> [Exercise instructions] Your answer should be the lines below from the one holding "T_clock5/1 -> Reciprocal3/1" through the one holding "T_clock12/1 -> Negative", copied exactly and with nothing else.

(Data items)
---

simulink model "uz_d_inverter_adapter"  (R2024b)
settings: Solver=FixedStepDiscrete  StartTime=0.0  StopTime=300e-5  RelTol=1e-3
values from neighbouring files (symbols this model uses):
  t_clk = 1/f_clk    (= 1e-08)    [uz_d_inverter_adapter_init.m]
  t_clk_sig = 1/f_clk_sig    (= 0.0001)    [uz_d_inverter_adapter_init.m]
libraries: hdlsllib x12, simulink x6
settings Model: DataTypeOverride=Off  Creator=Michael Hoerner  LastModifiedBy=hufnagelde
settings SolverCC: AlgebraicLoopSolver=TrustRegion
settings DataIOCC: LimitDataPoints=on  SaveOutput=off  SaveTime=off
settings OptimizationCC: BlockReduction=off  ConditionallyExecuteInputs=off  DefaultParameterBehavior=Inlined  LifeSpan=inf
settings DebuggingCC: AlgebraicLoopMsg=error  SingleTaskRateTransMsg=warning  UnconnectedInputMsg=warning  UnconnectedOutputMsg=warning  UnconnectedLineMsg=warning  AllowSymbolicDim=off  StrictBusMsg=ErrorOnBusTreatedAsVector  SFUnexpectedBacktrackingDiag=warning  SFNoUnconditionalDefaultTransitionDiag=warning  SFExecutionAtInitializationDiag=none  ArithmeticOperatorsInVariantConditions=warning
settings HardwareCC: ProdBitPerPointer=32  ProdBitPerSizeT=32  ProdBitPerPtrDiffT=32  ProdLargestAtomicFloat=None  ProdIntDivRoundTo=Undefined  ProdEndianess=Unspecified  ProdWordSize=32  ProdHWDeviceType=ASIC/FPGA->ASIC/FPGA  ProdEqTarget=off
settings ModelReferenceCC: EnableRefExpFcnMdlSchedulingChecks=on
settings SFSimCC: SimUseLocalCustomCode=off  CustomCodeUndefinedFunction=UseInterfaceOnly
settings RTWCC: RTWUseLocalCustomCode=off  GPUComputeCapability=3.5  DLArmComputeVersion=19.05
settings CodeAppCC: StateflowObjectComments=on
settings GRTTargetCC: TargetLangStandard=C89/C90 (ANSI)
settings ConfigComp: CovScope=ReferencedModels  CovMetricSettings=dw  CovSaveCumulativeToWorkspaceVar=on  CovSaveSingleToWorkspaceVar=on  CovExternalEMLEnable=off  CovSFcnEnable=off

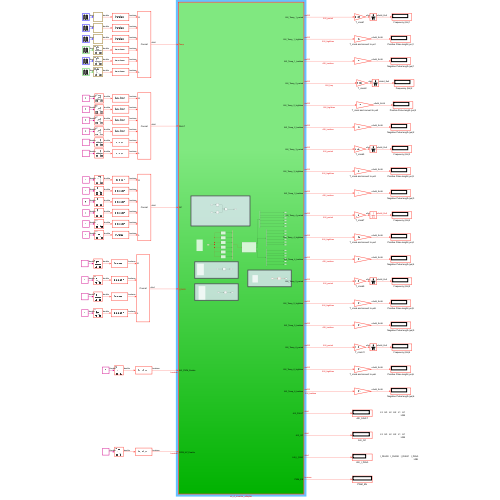
[thumbnail: Simulink's stored preview of the top-level diagram]
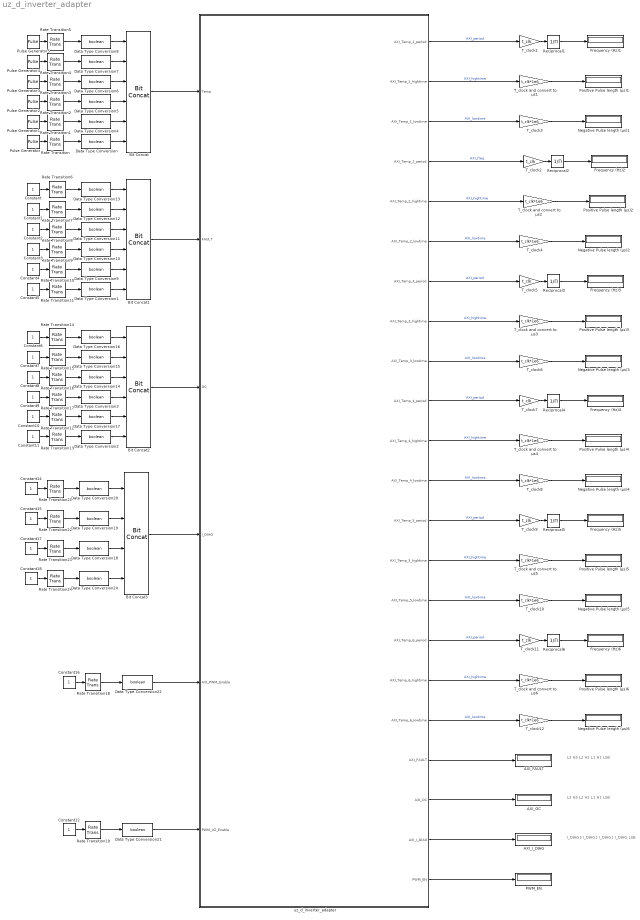
== system uz_d_inverter_adapter ==
  note: L3   H3   L2   H2   L1   H1
      |                                   LSB
  note: L3   H3   L2   H2   L1   H1
      |                                   LSB
  note: I_DIAG3   I_DIAG2   I_DIAG1   I_DIAG
      |                                                        LSB
  AXI_FAULT : Display
      settings: Format=binary (Stored Integer)
  AXI_I_DIAG : Display
      settings: Format=binary (Stored Integer)
  AXI_OC : Display
      settings: Format=binary (Stored Integer)
  Bit Concat : hdlsllib/Logic and Bit Operations/Bit Concat  numInputs=6
  Bit Concat1 : hdlsllib/Logic and Bit Operations/Bit Concat  numInputs=6
  Bit Concat2 : hdlsllib/Logic and Bit Operations/Bit Concat  numInputs=6
  Bit Concat3 : hdlsllib/Logic and Bit Operations/Bit Concat  numInputs=4
  Constant{,1..12,14..18} (18 alike) : Constant
  Data Type Conversion{,1..22,24} (24 alike) : DataTypeConversion  OutDataTypeStr=boolean  SaturateOnIntegerOverflow=off  RndMeth=Floor
  Frequency (Hz){1..6} (6 alike) : Display
  Negative Pulse length (µs){1..6} (6 alike) : Display
  PWM_EN : Display
      settings: Format=decimal (Stored Integer)
  Positive Pulse length (µs){1..6} (6 alike) : Display
  Pulse Generator : DiscretePulseGenerator  PulseType=Time based  Period=t_clk_sig  PulseWidth=10
  Pulse Generator1 : DiscretePulseGenerator  PulseType=Time based  Period=t_clk_sig  PulseWidth=20
  Pulse Generator2 : DiscretePulseGenerator  PulseType=Time based  Period=t_clk_sig  PulseWidth=30
  Pulse Generator3 : DiscretePulseGenerator  PulseType=Time based  Period=t_clk_sig  PulseWidth=40
  Pulse Generator4 : DiscretePulseGenerator  PulseType=Time based  Period=t_clk_sig  PulseWidth=50
  Pulse Generator5 : DiscretePulseGenerator  PulseType=Time based  Period=t_clk_sig  PulseWidth=60
  Rate Transition{,1..5} (6 alike) : RateTransition  Deterministic=off  OutPortSampleTime=t_clk
  Rate Transition{6..19,21..24} (18 alike) : RateTransition  OutPortSampleTime=t_clk
  Reciprocal{1..6} (6 alike) : Product  Inputs=/
  T_clock and convert to µs{1..6} (6 alike) : Gain  Gain=t_clk*1e6
  T_clock{1..2,5,7,9,11} (6 alike) : Gain  Gain=t_clk
  T_clock{3..4,6,8,10,12} (6 alike) : Gain  Gain=t_clk*1e6
  uz_d_inverter_adapter : Subsystem  TreatAsAtomicUnit=on
  wires:
  Pulse Generator/1 -> Rate Transition/1
  Pulse Generator1/1 -> Rate Transition1/1
  Pulse Generator2/1 -> Rate Transition2/1
  Pulse Generator3/1 -> Rate Transition3/1
  Pulse Generator4/1 -> Rate Transition4/1
  Pulse Generator5/1 -> Rate Transition5/1
  Rate Transition/1 -> Data Type Conversion/1
  Constant/1 -> Rate Transition6/1
  Constant1/1 -> Rate Transition7/1
  Constant2/1 -> Rate Transition8/1
  Constant3/1 -> Rate Transition9/1
  Constant4/1 -> Rate Transition10/1
  Constant5/1 -> Rate Transition11/1
  T_clock and convert to µs1/1 -> Positive Pulse length (µs)1/1
  T_clock3/1 -> Negative Pulse length (µs)1/1
  Reciprocal1/1 -> Frequency (Hz)1/1
  uz_d_inverter_adapter/3(AXI_Temp_1_lowtime) -> T_clock3/1  "AXI_lowtime"
  uz_d_inverter_adapter/2(AXI_Temp_1_hightime) -> T_clock and convert to µs1/1  "AXI_hightime"
  T_clock1/1 -> Reciprocal1/1
  uz_d_inverter_adapter/1(AXI_Temp_1_period) -> T_clock1/1  "AXI_period"
  uz_d_inverter_adapter/6(AXI_Temp_2_lowtime) -> T_clock4/1  "AXI_lowtime"
  T_clock2/1 -> Reciprocal2/1
  Reciprocal2/1 -> Frequency (Hz)2/1
  T_clock4/1 -> Negative Pulse length (µs)2/1
  uz_d_inverter_adapter/5(AXI_Temp_2_hightime) -> T_clock and convert to µs2/1  "AXI_hightime"
  T_clock and convert to µs2/1 -> Positive Pulse length (µs)2/1
  uz_d_inverter_adapter/4(AXI_Temp_2_period) -> T_clock2/1  "AXI_freq"
  uz_d_inverter_adapter/9(AXI_Temp_3_lowtime) -> T_clock6/1  "AXI_lowtime"
  T_clock5/1 -> Reciprocal3/1
  Reciprocal3/1 -> Frequency (Hz)3/1
  T_clock6/1 -> Negative Pulse length (µs)3/1
  uz_d_inverter_adapter/8(AXI_Temp_3_hightime) -> T_clock and convert to µs3/1  "AXI_hightime"
  T_clock and convert to µs3/1 -> Positive Pulse length (µs)3/1
  uz_d_inverter_adapter/7(AXI_Temp_3_period) -> T_clock5/1  "AXI_period"
  uz_d_inverter_adapter/12(AXI_Temp_4_lowtime) -> T_clock8/1  "AXI_lowtime"
  T_clock7/1 -> Reciprocal4/1
  Reciprocal4/1 -> Frequency (Hz)4/1
  T_clock8/1 -> Negative Pulse length (µs)4/1
  uz_d_inverter_adapter/11(AXI_Temp_4_hightime) -> T_clock and convert to µs4/1  "AXI_hightime"
  T_clock and convert to µs4/1 -> Positive Pulse length (µs)4/1
  uz_d_inverter_adapter/10(AXI_Temp_4_period) -> T_clock7/1  "AXI_period"
  uz_d_inverter_adapter/15(AXI_Temp_5_lowtime) -> T_clock10/1  "AXI_lowtime"
  T_clock9/1 -> Reciprocal5/1
  Reciprocal5/1 -> Frequency (Hz)5/1
  T_clock10/1 -> Negative Pulse length (µs)5/1
  uz_d_inverter_adapter/14(AXI_Temp_5_hightime) -> T_clock and convert to µs5/1  "AXI_hightime"
  T_clock and convert to µs5/1 -> Positive Pulse length (µs)5/1
  uz_d_inverter_adapter/13(AXI_Temp_5_period) -> T_clock9/1  "AXI_period"
  uz_d_inverter_adapter/18(AXI_Temp_6_lowtime) -> T_clock12/1  "AXI_lowtime"
  T_clock11/1 -> Reciprocal6/1
  Reciprocal6/1 -> Frequency (Hz)6/1
  T_clock12/1 -> Negative Pulse length (µs)6/1
  uz_d_inverter_adapter/17(AXI_Temp_6_hightime) -> T_clock and convert to µs6/1  "AXI_hightime"
  T_clock and convert to µs6/1 -> Positive Pulse length (µs)6/1
  uz_d_inverter_adapter/16(AXI_Temp_6_period) -> T_clock11/1  "AXI_period"
  uz_d_inverter_adapter/19(AXI_FAULT) -> AXI_FAULT/1
  Data Type Conversion5/1 -> Bit Concat/4
  Data Type Conversion6/1 -> Bit Concat/3
  Data Type Conversion7/1 -> Bit Concat/2
  Data Type Conversion8/1 -> Bit Concat/1
  Constant16/1 -> Rate Transition18/1
  Rate Transition18/1 -> Data Type Conversion22/1
  Bit Concat/1 -> uz_d_inverter_adapter/1(Temp)
  Rate Transition1/1 -> Data Type Conversion4/1
  Rate Transition2/1 -> Data Type Conversion5/1
  Rate Transition3/1 -> Data Type Conversion6/1
  Rate Transition4/1 -> Data Type Conversion7/1
  Rate Transition5/1 -> Data Type Conversion8/1
  Data Type Conversion/1 -> Bit Concat/6
  Data Type Conversion4/1 -> Bit Concat/5
  Data Type Conversion11/1 -> Bit Concat1/3
  Data Type Conversion10/1 -> Bit Concat1/4
  Data Type Conversion9/1 -> Bit Concat1/5
  Data Type Conversion12/1 -> Bit Concat1/2
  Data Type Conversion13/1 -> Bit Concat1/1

---

> [Written response]
  T_clock5/1 -> Reciprocal3/1
  Reciprocal3/1 -> Frequency (Hz)3/1
  T_clock6/1 -> Negative Pulse length (µs)3/1
  uz_d_inverter_adapter/8(AXI_Temp_3_hightime) -> T_clock and convert to µs3/1  "AXI_hightime"
  T_clock and convert to µs3/1 -> Positive Pulse length (µs)3/1
  uz_d_inverter_adapter/7(AXI_Temp_3_period) -> T_clock5/1  "AXI_period"
  uz_d_inverter_adapter/12(AXI_Temp_4_lowtime) -> T_clock8/1  "AXI_lowtime"
  T_clock7/1 -> Reciprocal4/1
  Reciprocal4/1 -> Frequency (Hz)4/1
  T_clock8/1 -> Negative Pulse length (µs)4/1
  uz_d_inverter_adapter/11(AXI_Temp_4_hightime) -> T_clock and convert to µs4/1  "AXI_hightime"
  T_clock and convert to µs4/1 -> Positive Pulse length (µs)4/1
  uz_d_inverter_adapter/10(AXI_Temp_4_period) -> T_clock7/1  "AXI_period"
  uz_d_inverter_adapter/15(AXI_Temp_5_lowtime) -> T_clock10/1  "AXI_lowtime"
  T_clock9/1 -> Reciprocal5/1
  Reciprocal5/1 -> Frequency (Hz)5/1
  T_clock10/1 -> Negative Pulse length (µs)5/1
  uz_d_inverter_adapter/14(AXI_Temp_5_hightime) -> T_clock and convert to µs5/1  "AXI_hightime"
  T_clock and convert to µs5/1 -> Positive Pulse length (µs)5/1
  uz_d_inverter_adapter/13(AXI_Temp_5_period) -> T_clock9/1  "AXI_period"
  uz_d_inverter_adapter/18(AXI_Temp_6_lowtime) -> T_clock12/1  "AXI_lowtime"
  T_clock11/1 -> Reciprocal6/1
  Reciprocal6/1 -> Frequency (Hz)6/1
  T_clock12/1 -> Negative Pulse length (µs)6/1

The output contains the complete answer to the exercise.